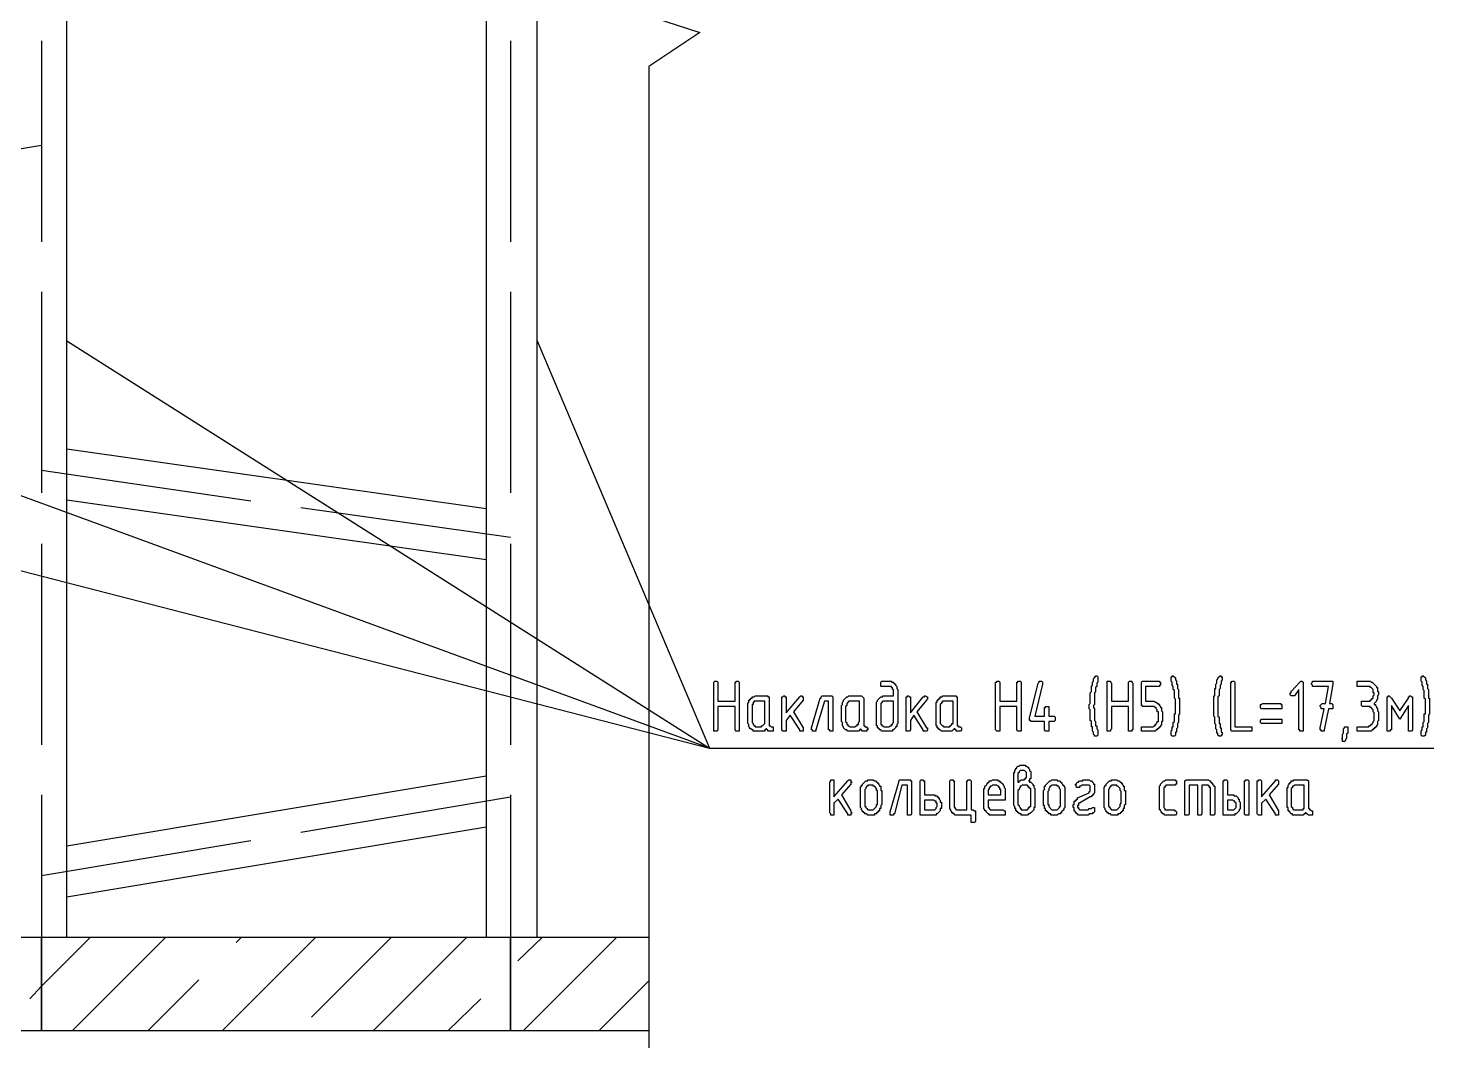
# Model space of a CAD drawing. Header units: millimetres. Extents: x 1 to 1188, y 1 to 840.
# Drawn here: x 120.9 to 204.8, y 262.5 to 323.3 of the extents above; entities that cross this region are included whole.
import ezdxf

# ---------------------------------------------------------------- set-up
doc = ezdxf.new("R2010")
doc.units = ezdxf.units.MM
doc.layers.add('GEOMETRY', color=7, linetype='Continuous')

msp = doc.modelspace()

# ---------------------------------------------------------------- linework, layer by layer
at = {"layer": 'GEOMETRY'}
for points in [[(157.931, 385.706), (157.931, 327.095), (154.947, 325.064), (160.98, 323.095), (157.931, 321.064), (157.931, 262.453)], [(121.673, 322.588), (121.673, 310.585)], [(149.677, 322.588), (149.677, 310.585)], [(109.164, 314.269), (121.673, 316.364)], [(121.673, 307.602), (121.673, 295.6)], [(149.677, 307.602), (149.677, 295.6)], [(67.19, 304.68), (161.552, 280.359)], [(123.197, 304.68), (161.552, 280.359), (95.194, 304.68)], [(151.264, 304.68), (161.552, 280.359), (204.794, 280.359)], [(148.216, 294.647), (123.197, 298.203)], [(134.182, 295.092), (121.673, 296.933)], [(148.216, 291.598), (123.197, 295.155)], [(149.677, 292.932), (137.167, 294.71)], [(121.673, 292.552), (121.673, 280.551)], [(149.677, 292.552), (149.677, 280.551)], [(123.197, 274.518), (148.216, 278.708)], [(121.673, 277.566), (121.673, 269.056)], [(137.167, 275.343), (149.677, 277.439)], [(149.677, 277.566), (149.677, 269.056)], [(123.197, 271.469), (148.216, 275.66)], [(121.673, 272.74), (134.182, 274.835)], [(121.673, 269.056), (121.673, 263.469), (93.669, 263.469), (93.669, 269.056)], [(93.669, 269.056), (121.736, 269.056)], [(120.975, 265.373), (121.673, 266.135), (124.594, 269.056)], [(149.677, 269.056), (149.677, 263.469), (121.673, 263.469), (121.673, 269.056)], [(121.673, 269.056), (149.74, 269.056)], [(123.515, 263.469), (129.103, 269.056)], [(132.468, 263.469), (138.056, 269.056)], [(133.294, 268.739), (133.61, 269.056)], [(137.802, 264.294), (142.565, 269.056)], [(141.485, 263.469), (147.073, 269.056)], [(157.931, 263.469), (149.677, 263.469), (149.677, 269.056)], [(149.677, 269.056), (157.931, 269.056)], [(150.121, 267.659), (151.581, 269.056)], [(150.439, 263.469), (156.027, 269.056)], [(128.023, 263.469), (131.071, 266.517)], [(154.947, 263.469), (157.931, 266.453)], [(145.93, 263.469), (147.898, 265.373)]]:
    msp.add_lwpolyline(points, dxfattribs=at)
for points in [[(120.213, 269.056), (123.197, 269.056), (123.197, 379.102), (120.213, 379.102)], [(148.216, 269.056), (151.264, 269.056), (151.264, 379.102), (148.216, 379.102)], [(184.475, 282.835), (184.475, 282.772), (184.539, 282.709), (184.539, 282.01), (184.602, 281.947), (184.602, 281.693), (184.665, 281.693), (184.665, 281.503), (184.729, 281.439), (184.729, 281.121), (184.665, 281.058), (184.539, 281.058), (184.539, 281.121), (184.475, 281.185), (184.475, 281.313), (184.41, 281.376), (184.41, 281.63), (184.347, 281.63), (184.347, 281.947), (184.284, 282.01), (184.284, 282.645), (184.22, 282.709), (184.22, 282.964), (184.284, 283.027), (184.284, 283.661), (184.347, 283.726), (184.347, 284.043), (184.41, 284.106), (184.41, 284.296), (184.475, 284.36), (184.475, 284.488), (184.539, 284.551), (184.539, 284.614), (184.602, 284.614), (184.602, 284.678), (184.665, 284.678), (184.729, 284.614), (184.729, 284.296), (184.665, 284.233), (184.665, 284.043), (184.602, 283.979), (184.602, 283.726), (184.539, 283.661), (184.539, 282.964), (184.475, 282.9)], [(189.364, 282.835), (189.364, 283.281), (189.301, 283.344), (189.301, 283.789), (189.238, 283.852), (189.238, 284.043), (189.173, 284.106), (189.173, 284.296), (189.11, 284.36), (189.11, 284.614), (189.173, 284.614), (189.173, 284.678), (189.238, 284.678), (189.364, 284.551), (189.364, 284.423), (189.428, 284.36), (189.428, 284.169), (189.491, 284.169), (189.491, 283.916), (189.555, 283.852), (189.555, 283.344), (189.618, 283.344), (189.618, 282.392), (189.555, 282.328), (189.555, 281.883), (189.491, 281.82), (189.491, 281.566), (189.428, 281.503), (189.428, 281.313), (189.364, 281.313), (189.364, 281.121), (189.301, 281.058), (189.173, 281.058), (189.11, 281.121), (189.11, 281.376), (189.173, 281.439), (189.173, 281.63), (189.238, 281.63), (189.238, 281.883), (189.301, 281.947), (189.301, 282.392), (189.364, 282.392)], [(191.904, 282.835), (191.904, 282.265), (191.968, 282.202), (191.968, 281.82), (192.031, 281.82), (192.031, 281.566), (192.094, 281.566), (192.094, 281.313), (192.158, 281.313), (192.158, 281.121), (192.094, 281.121), (192.094, 281.058), (191.968, 281.058), (191.904, 281.121), (191.904, 281.248), (191.841, 281.248), (191.841, 281.439), (191.777, 281.503), (191.777, 281.756), (191.714, 281.82), (191.714, 282.202), (191.651, 282.265), (191.651, 283.471), (191.714, 283.471), (191.714, 283.916), (191.777, 283.916), (191.777, 284.169), (191.841, 284.233), (191.841, 284.423), (191.904, 284.488), (191.904, 284.551), (192.031, 284.678), (192.094, 284.678), (192.094, 284.614), (192.158, 284.614), (192.158, 284.423), (192.094, 284.36), (192.094, 284.169), (192.031, 284.106), (192.031, 283.916), (191.968, 283.852), (191.968, 283.471), (191.904, 283.407)], [(204.286, 282.835), (204.286, 283.281), (204.223, 283.344), (204.223, 283.789), (204.159, 283.852), (204.159, 284.043), (204.096, 284.106), (204.096, 284.296), (204.032, 284.36), (204.032, 284.614), (204.096, 284.614), (204.096, 284.678), (204.159, 284.678), (204.286, 284.551), (204.286, 284.423), (204.351, 284.36), (204.351, 284.169), (204.414, 284.169), (204.414, 283.916), (204.477, 283.852), (204.477, 283.344), (204.541, 283.344), (204.541, 282.392), (204.477, 282.328), (204.477, 281.883), (204.414, 281.82), (204.414, 281.566), (204.351, 281.503), (204.351, 281.313), (204.286, 281.313), (204.286, 281.121), (204.223, 281.058), (204.096, 281.058), (204.032, 281.121), (204.032, 281.376), (204.096, 281.439), (204.096, 281.63), (204.159, 281.63), (204.159, 281.883), (204.223, 281.947), (204.223, 282.392), (204.286, 282.392)], [(161.805, 281.503), (161.805, 284.296), (161.869, 284.36), (161.995, 284.36), (162.059, 284.296), (162.059, 283.154), (163.076, 283.154), (163.076, 284.296), (163.139, 284.296), (163.139, 284.36), (163.266, 284.36), (163.329, 284.296), (163.329, 281.376), (163.139, 281.376), (163.076, 281.439), (163.076, 282.835), (162.059, 282.835), (162.059, 281.439), (161.995, 281.376), (161.805, 281.376)], [(172.791, 283.726), (172.791, 281.82), (172.727, 281.756), (172.727, 281.63), (172.664, 281.63), (172.664, 281.566), (172.601, 281.503), (172.536, 281.439), (172.473, 281.439), (172.473, 281.376), (171.839, 281.376), (171.775, 281.439), (171.71, 281.439), (171.71, 281.503), (171.647, 281.503), (171.647, 281.566), (171.584, 281.566), (171.584, 281.693), (171.52, 281.693), (171.52, 283.09), (171.584, 283.154), (171.584, 283.217), (171.71, 283.344), (171.775, 283.407), (171.902, 283.407), (171.902, 283.471), (172.536, 283.471), (172.536, 283.852), (172.473, 283.852), (172.473, 283.979), (172.409, 283.979), (172.409, 284.043), (171.775, 284.043), (171.775, 284.296), (171.839, 284.36), (172.409, 284.36), (172.409, 284.296), (172.536, 284.296), (172.536, 284.233), (172.601, 284.233), (172.601, 284.169), (172.664, 284.169), (172.664, 284.106), (172.727, 284.043), (172.727, 283.916), (172.791, 283.852)], [(178.632, 281.503), (178.632, 284.296), (178.696, 284.296), (178.696, 284.36), (178.823, 284.36), (178.886, 284.296), (178.886, 283.154), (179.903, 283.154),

What the task requires. To answer, copy each line from the material above that has the word "ezdxf".

Task answer.
import ezdxf
doc = ezdxf.new("R2010")
doc.units = ezdxf.units.MM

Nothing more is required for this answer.